Robyn highlights that this creates problems for her because it is not easy for people to trust. Some can’t be trusted, while others do not trust Robyn won’t cross their boundaries.
However, this also means that the relationships Robyn manages to forge are strong bonds, where everything or almost everything is out in the open. This is the exact opposite kind of environment than the one realized through Clover’s good luck semblance. It is a harmony more difficult to reach, but it is a more stable and genuine one.
It is these kinds of bonds Qrow should aim to create. In order to do so, he must accept his semblance and his past as parts of themselves. Still, he should not let them define him. Not only that, but he should learn to trust others and their strengths:
Qrow: Ruby, stop!
Ruby: I need you to trust me.
Only in this way, Qrow can truly grow. The secret is that it was never about scaring the crows away, but to learn how to live with them.
HUGIN THAT RUNS AWAY AND MUNIN THAT MAKES EVERYONE WORRIED
Raven and Qrow’s issues can be synthesized by this quote:
"Hugin and Munin fly each day over the spacious earth. I fear for Hugin, that he come not back, yet more anxious am I for Munin."
Raven never comes back, while Qrow has his loved ones fear for him because of his self-destructive tendencies.

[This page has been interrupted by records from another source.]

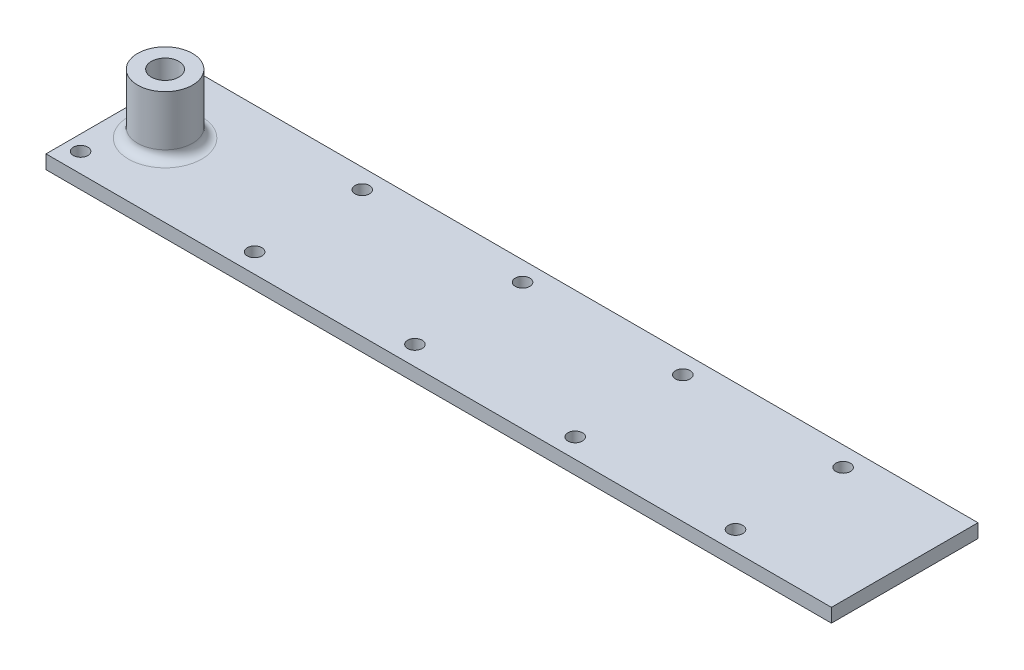
SolidWorks part; units mm, degrees
note: '?' marks a value the reader was unsure of.
ref_plane "Front Plane" through (0, 0, 0) normal (0, 0, 1) x (1, 0, 0)
ref_plane "Top Plane" through (0, 0, 0) normal (0, 1, 0) x (1, 0, 0)
ref_plane "Right Plane" through (0, 0, 0) normal (1, 0, 0) x (0, 0, -1)
sketch "Sketch1" plane through (0, 0, 0) normal (0, 1, 0) x (1, 0, 0)
  circle A0 centre (0, 0) radius 3
  circle A1 centre (0, 0) radius 6
  dimension "D1" = 6
  dimension "D2" = 12
extrude "Boss-Extrude1" add sketch "Sketch1" against normal blind 13
sketch "Sketch2" plane through (0, -13, 0) normal (0, -1, 0) x (1, 0, 0)
  line L0 (-7.5, 0) -> (161.5, 0) construction
  line L1 (-10, 16) -> (161.5, 16)
  line L3 (-10, -16) -> (161.5, -16)
  line L4 (161.5, 16) -> (161.5, -16)
  line L5 (-1.5, 7.5) -> (-1.5, -7.5) construction
  line L6 (-1.5, -7.5) -> (1.5, -7.5) construction
  line L7 (1.5, -7.5) -> (1.5, 7.5) construction
  line L8 (1.5, 7.5) -> (-1.5, 7.5) construction
  line L9 (136.3, -11.75) -> (109.2211, -11.75) construction
  line L10 (136.3, 11.75) -> (109.2211, 11.75) construction
  line L11 (31.3, 11.75) -> (8.143, 11.75) construction
  line L12 (31.3, -11.75) -> (8.143, -11.75) construction
  line L14 (-10, 16) -> (-10, -16)
  circle A0 centre (0, 0) radius 6 construction
  circle A2 centre (0, 0) radius 3 construction
  circle A3 centre (136.3, -11.75) radius 1.5875
  circle A4 centre (136.3, 11.75) radius 1.5875
  circle A5 centre (101.3, -11.75) radius 1.5875
  circle A6 centre (66.3, -11.75) radius 1.5875
  circle A7 centre (31.3, -11.75) radius 1.5875
  circle A8 centre (101.3, 11.75) radius 1.5875
  circle A9 centre (66.3, 11.75) radius 1.5875
  circle A10 centre (31.3, 11.75) radius 1.5875
  circle A11 centre (-6.7, 11.75) radius 1.5875
  circle A12 centre (-6.7, -11.75) radius 1.5875
  point P10 (-6, 0)
  point P14 (1.5, 0)
  point P17 (3, 0)
  point P18 (-3, 0)
  point P45 (-7.5, 0)
  dimension "D7" = 3.175
  dimension "D8" = 25.2
  dimension "D9" = 4.25
  dimension "D12" = 3.175
  dimension "D13" = 38
  dimension "D14" = 10
  dimension "D2" = 32
  dimension "D3" = 163
  dimension "D4" = 3
  dimension "D5" = 15
  dimension "D6" = 1.5
  dimension "D15" = 6
  dimension "D10" = 4
  dimension "D11" = 4
extrude "Boss-Extrude2" add sketch "Sketch2" along normal blind 3 separate body
ref_point "Point2"
ref_axis "Axis4" through (0, 0, 0) along (0, 0, 1)?
ref_plane "Plane2" through (0, 0, 0) normal (-1, 0, 0) x (0, 0, 1)
sketch "Sketch7" plane through (0, 0, 0) normal (-1, 0, 0) x (0, 0, 1)
  line L0 (-16, -13) -> (16, -13) construction
  line L1 (-6, -13) -> (6, -13) construction
  line L2 (0, -16) -> (0, 0) construction
  line L3 (-16, -16) -> (16, -16) construction
  line L4 (-4.5661, -13.348) -> (-5.9339, -13.652)
  line L5 (4.5661, -13.348) -> (5.9339, -13.652)
  line L6 (-7.5, -15.6043) -> (-7.5, -16)
  line L7 (7.5, -15.6043) -> (7.5, -16)
  line L8 (-3, -11.3957) -> (-3, 0)
  line L9 (6, 0) -> (-6, 0) construction
  line L10 (3, 0) -> (-3, 0) construction
  line L11 (3, -11.3957) -> (3, 0)
  line L12 (-3, 0) -> (-6, 0)
  line L13 (3, 0) -> (6, 0)
  line L14 (-6, 0) -> (-6, -13)
  line L15 (6, 0) -> (6, -13)
  line L16 (-6, -13) -> (-16, -13)
  line L17 (6, -13) -> (16, -13)
  line L18 (-16, -13) -> (-16, -16)
  line L19 (16, -13) -> (16, -16)
  line L22 (-7.5, -16) -> (7.5, -16)
  line L23 (-3, 0) -> (3, 0)
  line L24 (-3, -11.3957) -> (3, -11.3957)
  arc A0 (-5.9339, -13.652) -> (-7.5, -15.6043) centre (-5.5, -15.6043) ccw
  arc A1 (-3, -11.3957) -> (-4.5661, -13.348) centre (-5, -11.3957) cw
  arc A2 (4.5661, -13.348) -> (3, -11.3957) centre (5, -11.3957) cw
  arc A3 (7.5, -15.6043) -> (5.9339, -13.652) centre (5.5, -15.6043) ccw
  point P0 (-3, -13)
  point P1 (3, -13)
  point P35 (-7.5, -14)
  point P38 (-3, -13)
  point P41 (3, -13)
  point P44 (7.5, -14)
  dimension "D3" = 2
  dimension "D4" = 2
  dimension "D5" = 2
  dimension "D6" = 2
  dimension "D1" = 15
  dimension "D2" = 2
extrude "Cut-Extrude1" cut sketch "Sketch7" against normal mid plane 3 contours L22 L2 L24 A1 L4 A0 L6 | L2 L22 L7 A3 L5 A2 L24
sketch "Sketch8" plane through (0, 0, 0) normal (-1, 0, 0) x (0, 0, 1)
  line L1 (16, -13) -> (-16, -13) construction
  line L3 (-8, -13) -> (-6, -13)
  line L4 (-6, -13) -> (-6, -11)
  line L5 (0, 4.0956) -> (0, -21.1532) construction
  line L7 (-6.5858, -12.4142) -> (-8, -11) construction
  line L8 (-6, -11) -> (-8, -11) construction
  line L9 (-8, -11) -> (-8, -13) construction
  arc A0 (-8, -13) -> (-6, -11) centre (-8, -11) ccw
ref_axis "Axis5" through (0, -13, 0) along (0, 1, 0)?
revolve "Revolve1" add sketch "Sketch8" angle 360 about L5
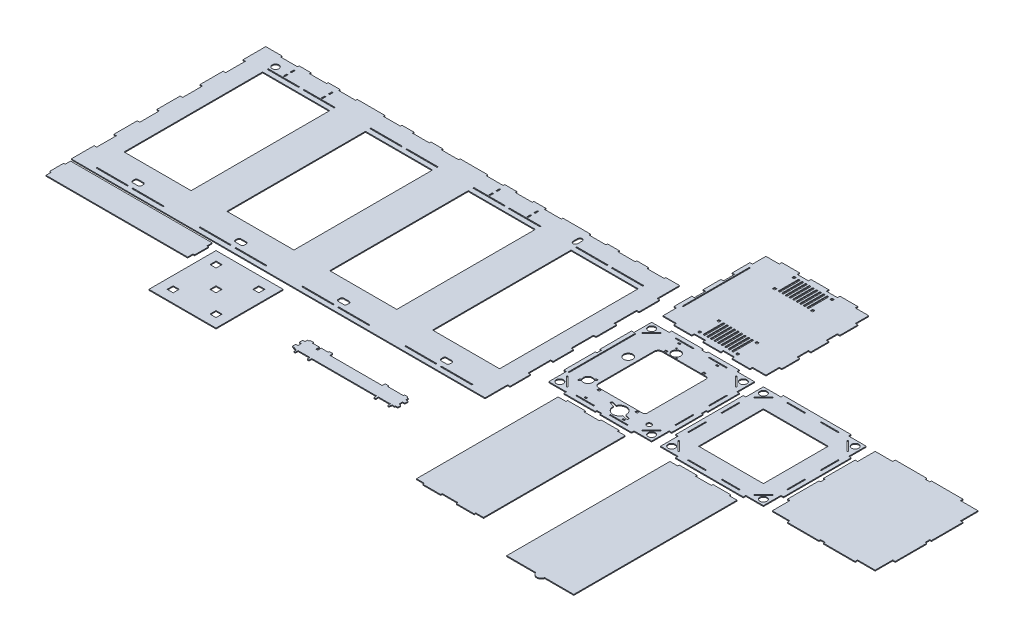
SolidWorks part; units mm, degrees
ref_plane "Front" through (0, 0, 0) normal (0, 0, 1) x (1, 0, 0)
ref_plane "Top" through (0, 0, 0) normal (0, 1, 0) x (1, 0, 0)
ref_plane "Right" through (0, 0, 0) normal (1, 0, 0) x (0, 0, -1)
sketch "Sketch1" plane through (0, 0, 0) normal (0, 1, 0) x (1, 0, 0)
  line L0 (0, 0) -> (438.15, 0) construction
  line L2 (-146.05, 276.225) -> (-146.05, -276.225) construction
  line L4 (146.05, 276.225) -> (146.05, -276.225) construction
  line L5 (-146.05, 276.225) -> (146.05, -276.225) construction
  line L6 (-146.05, -276.225) -> (146.05, 276.225) construction
  line L11 (146.05, 276.225) -> (438.15, 276.225)
  line L12 (146.05, 276.225) -> (146.05, -276.225) construction
  line L13 (146.05, -276.225) -> (438.15, -276.225)
  line L14 (438.15, 276.225) -> (438.15, -276.225) construction
  line L19 (-146.05, -276.225) -> (-438.15, -276.225)
  line L20 (-146.05, -276.225) -> (-146.05, 276.225) construction
  line L21 (-146.05, 276.225) -> (-438.15, 276.225)
  line L28 (146.05, -276.225) -> (-146.05, -276.225)
  line L34 (146.05, 276.225) -> (-146.05, 276.225)
  line L35 (-438.15, 276.225) -> (-438.15, -276.225) construction
  line L43 (-438.15, 276.225) -> (-730.25, 276.225)
  line L44 (-730.25, 276.225) -> (-730.25, -276.225) construction
  line L45 (-730.25, -276.225) -> (-438.15, -276.225)
  line L46 (438.15, 276.225) -> (438.15, 212.3694)
  line L47 (438.15, 212.3694) -> (445.262, 212.3694)
  line L48 (445.262, 212.3694) -> (445.262, 154.0764)
  line L49 (445.262, 154.0764) -> (438.15, 154.0764)
  line L50 (438.15, 154.0764) -> (438.15, 90.2208)
  line L51 (438.15, 90.2208) -> (445.262, 90.2208)
  line L63 (445.262, 90.2208) -> (445.262, 31.9278)
  line L64 (445.262, 31.9278) -> (438.15, 31.9278)
  line L65 (438.15, 31.9278) -> (438.15, -31.9278)
  line L66 (438.15, -31.9278) -> (445.262, -31.9278)
  line L67 (445.262, -31.9278) -> (445.262, -90.2208)
  line L68 (445.262, -90.2208) -> (438.15, -90.2208)
  line L69 (438.15, -90.2208) -> (438.15, -154.0764)
  line L70 (438.15, -154.0764) -> (445.262, -154.0764)
  line L71 (445.262, -154.0764) -> (445.262, -212.3694)
  line L72 (445.262, -212.3694) -> (438.15, -212.3694)
  line L73 (438.15, -212.3694) -> (438.15, -276.225)
  line L74 (-730.25, 276.225) -> (-737.362, 276.225)
  line L76 (-737.362, 211.1629) -> (-730.25, 211.1629)
  line L78 (-730.25, 155.2829) -> (-737.362, 155.2829)
  line L80 (-737.362, 89.0143) -> (-730.25, 89.0143)
  line L82 (-730.25, 33.1343) -> (-737.362, 33.1343)
  line L84 (-737.362, -33.1343) -> (-730.25, -33.1343)
  line L86 (-730.25, -89.0143) -> (-737.362, -89.0143)
  line L88 (-737.362, -155.2829) -> (-730.25, -155.2829)
  line L90 (-730.25, -211.1629) -> (-737.362, -211.1629)
  line L92 (-737.362, -276.225) -> (-730.25, -276.225)
  line L93 (445.262, 61.0743) -> (-730.25, 61.0743) construction
  line L94 (-730.25, 183.2229) -> (445.262, 183.2229) construction
  line L95 (-737.362, 276.225) -> (-737.362, 211.1629)
  line L96 (-737.362, 155.2829) -> (-737.362, 89.0143)
  line L97 (-730.25, 211.1629) -> (-730.25, 155.2829)
  line L98 (-730.25, 89.0143) -> (-730.25, 33.1343)
  line L99 (-730.25, -33.1343) -> (-730.25, -89.0143)
  line L100 (-730.25, -155.2829) -> (-730.25, -211.1629)
  line L101 (-730.25, -183.2229) -> (445.262, -183.2229) construction
  line L102 (-730.25, -61.0743) -> (445.262, -61.0743) construction
  line L103 (-737.362, 33.1343) -> (-737.362, -33.1343)
  line L104 (-737.362, -89.0143) -> (-737.362, -155.2829)
  line L105 (-737.362, -211.1629) -> (-737.362, -276.225)
  point P0 (0, 0)
  dimension "D1" = 292.1
  dimension "D2" = 552.45
  dimension "D3" = 7.112
  dimension "D4" = 58.293
  dimension "D5" = 55.88
extrude "Boss-Extrude1" add sketch "Sketch1" along normal blind 2.54
sketch "Sketch4" plane through (0, 2.54, 0) normal (0, 1, 0) x (1, 0, 0)
  line L0 (-438.15, 276.225) -> (-438.15, -276.225) construction
  line L1 (-438.15, 276.225) -> (-438.15, -276.225)
  line L2 (-146.05, 276.225) -> (-146.05, -276.225) construction
  line L3 (-146.05, 276.225) -> (-146.05, -276.225)
  line L4 (146.05, 276.225) -> (146.05, -276.225) construction
  line L5 (146.05, 276.225) -> (146.05, -276.225)
sketch "Sketch5" plane through (0, 2.54, 0) normal (0, 1, 0) x (1, 0, 0)
  line L0 (-730.25, -33.1343) -> (-730.25, 33.1343) construction
  line L1 (-438.15, 0) -> (-730.25, 0) construction
  line L2 (-438.15, 276.225) -> (-438.15, -276.225) construction
  line L3 (-438.15, 0) -> (-146.05, 0) construction
  line L4 (-146.05, 276.225) -> (-146.05, -276.225) construction
  line L5 (-146.05, 0) -> (146.05, 0) construction
  line L6 (146.05, 276.225) -> (146.05, -276.225) construction
  line L7 (146.05, 0) -> (438.15, 0) construction
  line L8 (438.15, -31.9278) -> (438.15, 31.9278) construction
  line L9 (-584.2, 12.6492) -> (-584.2, -276.225) construction
  line L10 (-737.362, -276.225) -> (438.15, -276.225) construction
  line L11 (-292.1, 12.6492) -> (-292.1, -276.225) construction
  line L12 (0, 12.6492) -> (0, -276.225) construction
  line L13 (292.1, 12.6492) -> (292.1, -276.225) construction
  line L14 (-488.95, -263.525) -> (-488.95, -276.225) construction
  line L15 (-679.45, -260.4008) -> (-488.95, -260.4008)
  line L16 (-679.45, -260.4008) -> (-679.45, -263.525)
  line L17 (-679.45, -263.525) -> (-488.95, -263.525)
  line L18 (-488.95, -260.4008) -> (-488.95, -263.525)
  line L19 (-679.45, -260.4008) -> (-488.95, -263.525) construction
  line L20 (-679.45, -263.525) -> (-488.95, -260.4008) construction
  line L21 (-387.35, -260.4008) -> (-196.85, -260.4008)
  line L22 (-387.35, -260.4008) -> (-387.35, -263.525)
  line L23 (-387.35, -263.525) -> (-196.85, -263.525)
  line L24 (-196.85, -260.4008) -> (-196.85, -263.525)
  line L25 (-387.35, -260.4008) -> (-196.85, -263.525) construction
  line L26 (-387.35, -263.525) -> (-196.85, -260.4008) construction
  line L27 (-95.25, -263.525) -> (95.25, -263.525)
  line L28 (-95.25, -263.525) -> (-95.25, -260.4008)
  line L29 (-95.25, -260.4008) -> (95.25, -260.4008)
  line L30 (95.25, -263.525) -> (95.25, -260.4008)
  line L31 (-95.25, -263.525) -> (95.25, -260.4008) construction
  line L32 (-95.25, -260.4008) -> (95.25, -263.525) construction
  line L33 (196.85, -263.525) -> (387.35, -263.525)
  line L34 (196.85, -263.525) -> (196.85, -260.4008)
  line L35 (196.85, -260.4008) -> (387.35, -260.4008)
  line L36 (387.35, -263.525) -> (387.35, -260.4008)
  line L37 (196.85, -263.525) -> (387.35, -260.4008) construction
  line L38 (196.85, -260.4008) -> (387.35, -263.525) construction
  line L39 (196.85, 260.4008) -> (387.35, 263.525) construction
  line L40 (196.85, 263.525) -> (387.35, 260.4008) construction
  line L41 (-95.25, 260.4008) -> (95.25, 263.525) construction
  line L42 (-95.25, 263.525) -> (95.25, 260.4008) construction
  line L43 (-387.35, 263.525) -> (-196.85, 260.4008) construction
  line L44 (-387.35, 260.4008) -> (-196.85, 263.525) construction
  line L45 (-679.45, 263.525) -> (-488.95, 260.4008) construction
  line L46 (-679.45, 260.4008) -> (-488.95, 263.525) construction
  line L47 (-584.2, 12.6492) -> (-584.2, 223.7613) construction
  line L48 (387.35, 263.525) -> (387.35, 260.4008) construction
  line L49 (196.85, 260.4008) -> (387.35, 260.4008) construction
  line L50 (196.85, 263.525) -> (196.85, 260.4008) construction
  line L51 (196.85, 263.525) -> (387.35, 263.525) construction
  line L52 (95.25, 263.525) -> (95.25, 260.4008) construction
  line L53 (-95.25, 260.4008) -> (95.25, 260.4008) construction
  line L54 (-95.25, 263.525) -> (-95.25, 260.4008) construction
  line L55 (-95.25, 263.525) -> (95.25, 263.525) construction
  line L56 (-196.85, 260.4008) -> (-196.85, 263.525) construction
  line L57 (-387.35, 263.525) -> (-196.85, 263.525) construction
  line L58 (-387.35, 260.4008) -> (-387.35, 263.525) construction
  line L59 (-387.35, 260.4008) -> (-196.85, 260.4008) construction
  line L60 (-488.95, 260.4008) -> (-488.95, 263.525) construction
  line L61 (-679.45, 263.525) -> (-488.95, 263.525) construction
  line L62 (-679.45, 260.4008) -> (-679.45, 263.525) construction
  line L63 (-679.45, 260.4008) -> (-488.95, 260.4008) construction
  line L64 (-292.1, 12.6492) -> (-292.1, 223.7613) construction
  line L65 (-679.45, 209.4992) -> (-488.95, 209.4992)
  line L66 (-679.45, 209.4992) -> (-679.45, -184.2008)
  line L67 (-679.45, -184.2008) -> (-488.95, -184.2008)
  line L68 (-488.95, 209.4992) -> (-488.95, -184.2008)
  line L69 (-679.45, 209.4992) -> (-488.95, -184.2008) construction
  line L70 (-679.45, -184.2008) -> (-488.95, 209.4992) construction
  line L71 (-387.35, 209.4992) -> (-196.85, 209.4992)
  line L72 (-387.35, 209.4992) -> (-387.35, -184.2008)
  line L73 (-387.35, -184.2008) -> (-196.85, -184.2008)
  line L74 (-196.85, 209.4992) -> (-196.85, -184.2008)
  line L75 (-387.35, 209.4992) -> (-196.85, -184.2008) construction
  line L76 (-387.35, -184.2008) -> (-196.85, 209.4992) construction
  line L77 (-95.25, 209.4992) -> (95.25, 209.4992)
  line L78 (-95.25, 209.4992) -> (-95.25, -184.2008)
  line L79 (-95.25, -184.2008) -> (95.25, -184.2008)
  line L80 (95.25, 209.4992) -> (95.25, -184.2008)
  line L81 (-95.25, 209.4992) -> (95.25, -184.2008) construction
  line L82 (-95.25, -184.2008) -> (95.25, 209.4992) construction
  line L83 (196.85, 209.4992) -> (387.35, 209.4992)
  line L84 (196.85, 209.4992) -> (196.85, -184.2008)
  line L85 (196.85, -184.2008) -> (387.35, -184.2008)
  line L86 (387.35, 209.4992) -> (387.35, -184.2008)
  line L87 (196.85, 209.4992) -> (387.35, -184.2008) construction
  line L88 (196.85, -184.2008) -> (387.35, 209.4992) construction
  line L89 (0, 12.6492) -> (0, 223.7613) construction
  line L90 (292.1, 12.6492) -> (292.1, 223.7613) construction
  line L91 (-387.35, -184.2008) -> (-387.35, -260.4008) construction
  line L92 (-679.45, 225.3234) -> (-488.95, 225.3234)
  line L93 (-679.45, 225.3234) -> (-679.45, 222.1992)
  line L94 (-679.45, 222.1992) -> (-488.95, 222.1992)
  line L95 (-488.95, 225.3234) -> (-488.95, 222.1992)
  line L96 (-679.45, 225.3234) -> (-488.95, 222.1992) construction
  line L97 (-679.45, 222.1992) -> (-488.95, 225.3234) construction
  line L98 (-387.35, 225.3234) -> (-196.85, 225.3234)
  line L99 (-387.35, 225.3234) -> (-387.35, 222.1992)
  line L100 (-387.35, 222.1992) -> (-196.85, 222.1992)
  line L101 (-196.85, 225.3234) -> (-196.85, 222.1992)
  line L102 (-387.35, 225.3234) -> (-196.85, 222.1992) construction
  line L103 (-387.35, 222.1992) -> (-196.85, 225.3234) construction
  line L104 (-95.25, 225.3234) -> (95.25, 225.3234)
  line L105 (-95.25, 225.3234) -> (-95.25, 222.1992)
  line L106 (-95.25, 222.1992) -> (95.25, 222.1992)
  line L107 (95.25, 225.3234) -> (95.25, 222.1992)
  line L108 (-95.25, 225.3234) -> (95.25, 222.1992) construction
  line L109 (-95.25, 222.1992) -> (95.25, 225.3234) construction
  line L110 (196.85, 225.3234) -> (387.35, 225.3234)
  line L111 (196.85, 225.3234) -> (196.85, 222.1992)
  line L112 (196.85, 222.1992) -> (387.35, 222.1992)
  line L113 (387.35, 225.3234) -> (387.35, 222.1992)
  line L114 (196.85, 225.3234) -> (387.35, 222.1992) construction
  line L115 (196.85, 222.1992) -> (387.35, 225.3234) construction
  line L116 (-196.85, -184.2008) -> (-196.85, -260.4008) construction
  line L117 (-196.85, -222.3008) -> (-387.35, -222.3008) construction
  line L118 (-7.62, -247.7008) -> (7.62, -247.7008)
  line L119 (-299.72, -231.8258) -> (-284.48, -231.8258)
  line L120 (-304.8, -236.9058) -> (-304.8, -242.6208)
  line L121 (-299.72, -247.7008) -> (-284.48, -247.7008)
  line L122 (-279.4, -236.9058) -> (-279.4, -242.6208)
  line L123 (-304.8, -231.8258) -> (-279.4, -247.7008) construction
  line L124 (-304.8, -247.7008) -> (-279.4, -231.8258) construction
  line L125 (-12.7, -236.9058) -> (-12.7, -242.6208)
  line L126 (-7.62, -231.8258) -> (7.62, -231.8258)
  line L127 (12.7, -236.9058) -> (12.7, -242.6208)
  line L128 (284.48, -247.7008) -> (299.72, -247.7008)
  line L129 (279.4, -236.9058) -> (279.4, -242.6208)
  line L130 (284.48, -231.8258) -> (299.72, -231.8258)
  line L131 (304.8, -236.9058) -> (304.8, -242.6208)
  line L132 (-596.9, -236.9058) -> (-596.9, -242.6208)
  line L133 (-591.82, -231.8258) -> (-576.58, -231.8258)
  line L134 (-571.5, -236.9058) -> (-571.5, -242.6208)
  line L135 (-591.82, -247.7008) -> (-576.58, -247.7008)
  line L136 (438.15, 276.225) -> (-737.362, 276.225) construction
  line L137 (184.15, 246.9134) -> (184.15, 234.2134) construction
  line L138 (190.5, 246.9134) -> (190.5, 234.2134)
  line L139 (177.8, 246.9134) -> (177.8, 234.2134)
  line L141 (-737.362, 276.225) -> (-737.362, 211.1629) construction
  line L142 (184.15, 240.5634) -> (-673.862, 240.5634) construction
  arc A0 (-284.48, -231.8258) -> (-279.4, -236.9058) centre (-284.48, -236.9058) cw
  arc A1 (-279.4, -242.6208) -> (-284.48, -247.7008) centre (-284.48, -242.6208) cw
  arc A2 (-299.72, -247.7008) -> (-304.8, -242.6208) centre (-299.72, -242.6208) cw
  arc A3 (-304.8, -236.9058) -> (-299.72, -231.8258) centre (-299.72, -236.9058) cw
  arc A4 (-7.62, -247.7008) -> (-12.7, -242.6208) centre (-7.62, -242.6208) cw
  arc A5 (-12.7, -236.9058) -> (-7.62, -231.8258) centre (-7.62, -236.9058) cw
  arc A6 (7.62, -231.8258) -> (12.7, -236.9058) centre (7.62, -236.9058) cw
  arc A7 (12.7, -242.6208) -> (7.62, -247.7008) centre (7.62, -242.6208) cw
  arc A8 (284.48, -247.7008) -> (279.4, -242.6208) centre (284.48, -242.6208) cw
  arc A9 (279.4, -236.9058) -> (284.48, -231.8258) centre (284.48, -236.9058) cw
  arc A10 (299.72, -231.8258) -> (304.8, -236.9058) centre (299.72, -236.9058) cw
  arc A11 (304.8, -242.6208) -> (299.72, -247.7008) centre (299.72, -242.6208) cw
  arc A12 (-596.9, -236.9058) -> (-591.82, -231.8258) centre (-591.82, -236.9058) cw
  arc A13 (-591.82, -247.7008) -> (-596.9, -242.6208) centre (-591.82, -242.6208) cw
  arc A14 (-576.58, -231.8258) -> (-571.5, -236.9058) centre (-576.58, -236.9058) cw
  arc A15 (-571.5, -242.6208) -> (-576.58, -247.7008) centre (-576.58, -242.6208) cw
  arc A16 (190.5, 246.9134) -> (177.8, 246.9134) centre (184.15, 246.9134) ccw
  arc A17 (177.8, 234.2134) -> (190.5, 234.2134) centre (184.15, 234.2134) ccw
  circle A18 centre (-673.862, 240.5634) radius 9.525
  point P27 (-584.2, -261.9629)
  point P32 (-292.1, -261.9629)
  point P37 (0, -261.9629)
  point P42 (292.1, -261.9629)
  point P66 (292.1, 261.9629)
  point P67 (0, 261.9629)
  point P68 (-292.1, 261.9629)
  point P69 (-584.2, 261.9629)
  point P106 (-292.1, -239.7633)
  point P148 (0, -247.7008)
  point P161 (-584.2, -247.7008)
  point P165 (184.15, 240.5634)
  point P175 (-497.5445, -226.3745)
  point P176 (-584.2, 0)
  point P177 (-488.95, -217.224)
  point P178 (-292.1, 0)
  point P179 (0, 0)
  point P180 (292.1, 0)
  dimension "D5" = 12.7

In order to overcome these flaws, they must grow in opposite directions.
Raven must realize that her survivalism is actually self-destructive. It makes her survive, but it negates her the chance of living. She must become more selfless and trustworthy to make it up for the unfair bonds she created.
Qrow must accept that his self-destructiveness is actually selfish and damaging to his loved ones. He must start to trust others’ strengths, so that he can be brave enough to live together with them, instead of looking at them from afar.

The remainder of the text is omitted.